Pregiudizi e discriminazione
Focus approfondisce il tema dei pregiudizi affrontati dagli italiani all’estero, menzionando che negli Stati Uniti gli italiani erano considerati “non bianchi” e spesso associati a stereotipi negativi come “assassini, anarchici e mafiosi“.
Questa prospettiva ci spinge a fare riflessioni e analisi sull’impatto sociale dell’emigrazione, evidenziando le sfide di integrazione e i pregiudizi affrontati dagli emigranti italiani allora, che si rispecchiano in molte vicende attuali.
Se in Sud America conquistarsi un posto nella nuova patria fu più facile, negli Stati Uniti era una faticaccia. I nostri connazionali preferivano così ghettizzarsi nei quartieri italiani e frequentare scuole parrocchiali, rallentando così la diffusione dell’inglese nelle comunità.
Negli Stati Uniti che da poco avevano abolito la schiavitù si diceva che gli italiani non erano bianchi, “ma nemmeno palesemente negri”. In Australia, altra destinazione, erano definiti “l’invasione delle pelle oliva”. E poi ancora “una razza inferiore” o una “stirpe di assassini, anarchici e mafiosi”.

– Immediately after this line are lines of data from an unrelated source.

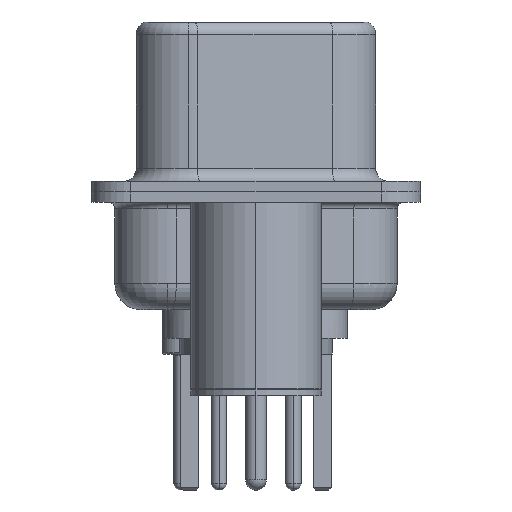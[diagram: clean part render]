
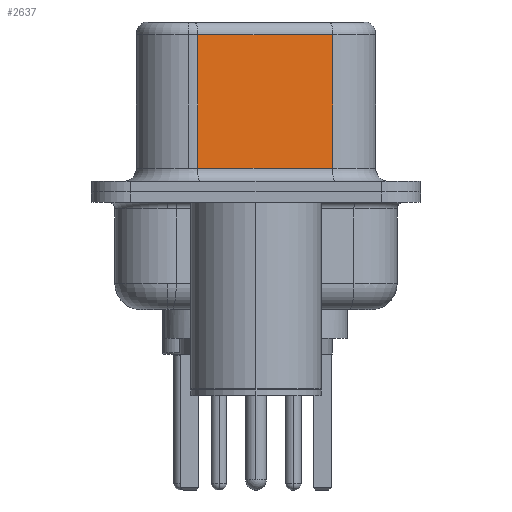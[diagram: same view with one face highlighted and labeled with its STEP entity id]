
A CAD part, left-side view. The second image highlights one B-rep face of the part: STEP entity #2637.
In plain terms, the highlighted planar face has unit normal (-0.985, -0.174, 0).
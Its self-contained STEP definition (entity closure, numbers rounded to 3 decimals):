
#1009 = DIRECTION ( 'NONE',  ( 0., 0., -1. ) ) ;
#1501 = VERTEX_POINT ( 'NONE', #3210 ) ;
#1958 = DIRECTION ( 'NONE',  ( 0., 0., -1. ) ) ;
#2074 = VECTOR ( 'NONE', #6298, 1000. ) ;
#2637 = ADVANCED_FACE ( 'NONE', ( #7608 ), #26273, .F. ) ;
#3210 = CARTESIAN_POINT ( 'NONE',  ( 3.675, 2.233, 0.9 ) ) ;
#3476 = VECTOR ( 'NONE', #17646, 1000. ) ;
#3931 = VERTEX_POINT ( 'NONE', #9756 ) ;
#4111 = AXIS2_PLACEMENT_3D ( 'NONE', #24318, #5005, #15716 ) ;
#5005 = DIRECTION ( 'NONE',  ( 0.985, 0.174, 0. ) ) ;
#5417 = LINE ( 'NONE', #23392, #2074 ) ;
#6298 = DIRECTION ( 'NONE',  ( -0.174, 0.985, 0. ) ) ;
#7608 = FACE_OUTER_BOUND ( 'NONE', #25346, .T. ) ;
#9123 = LINE ( 'NONE', #15804, #3476 ) ;
#9710 = ORIENTED_EDGE ( 'NONE', *, *, #15434, .T. ) ;
#9756 = CARTESIAN_POINT ( 'NONE',  ( 3.675, 2.233, 6.02 ) ) ;
#11707 = LINE ( 'NONE', #18601, #26281 ) ;
#12620 = EDGE_CURVE ( 'NONE', #25836, #15203, #27004, .T. ) ;
#13100 = CARTESIAN_POINT ( 'NONE',  ( 4.585, -2.927, 6.02 ) ) ;
#13427 = CARTESIAN_POINT ( 'NONE',  ( 4.585, -2.927, 6.52 ) ) ;
#14171 = ORIENTED_EDGE ( 'NONE', *, *, #15602, .T. ) ;
#15203 = VERTEX_POINT ( 'NONE', #20155 ) ;
#15434 = EDGE_CURVE ( 'NONE', #3931, #1501, #11707, .T. ) ;
#15602 = EDGE_CURVE ( 'NONE', #25836, #3931, #5417, .T. ) ;
#15716 = DIRECTION ( 'NONE',  ( -0.174, 0.985, 0. ) ) ;
#15804 = CARTESIAN_POINT ( 'NONE',  ( 4.585, -2.927, 0.9 ) ) ;
#17646 = DIRECTION ( 'NONE',  ( 0.174, -0.985, 0. ) ) ;
#18601 = CARTESIAN_POINT ( 'NONE',  ( 3.675, 2.233, 6.52 ) ) ;
#20155 = CARTESIAN_POINT ( 'NONE',  ( 4.585, -2.927, 0.9 ) ) ;
#22271 = EDGE_CURVE ( 'NONE', #1501, #15203, #9123, .T. ) ;
#23392 = CARTESIAN_POINT ( 'NONE',  ( 4.585, -2.927, 6.02 ) ) ;
#24120 = ORIENTED_EDGE ( 'NONE', *, *, #12620, .F. ) ;
#24318 = CARTESIAN_POINT ( 'NONE',  ( 4.585, -2.927, 6.52 ) ) ;
#25004 = VECTOR ( 'NONE', #1009, 1000. ) ;
#25346 = EDGE_LOOP ( 'NONE', ( #24120, #14171, #9710, #26528 ) ) ;
#25836 = VERTEX_POINT ( 'NONE', #13100 ) ;
#26273 = PLANE ( 'NONE',  #4111 ) ;
#26281 = VECTOR ( 'NONE', #1958, 1000. ) ;
#26528 = ORIENTED_EDGE ( 'NONE', *, *, #22271, .T. ) ;
#27004 = LINE ( 'NONE', #13427, #25004 ) ;

Le informazioni aggiuntive sulle dimensioni del fenomeno, le diverse aree di provenienza e le destinazioni degli emigranti, le condizioni di viaggio e le discriminazioni da loro subite offrono una comprensione più completa e sfaccettata dell’esperienza migratoria italiana. Questo confronto critico evidenzia l’importanza di considerare molteplici prospettive e fonti per una narrazione storica accurata e completa… che speriamo di potervi offrire in queste pagine quanto prima!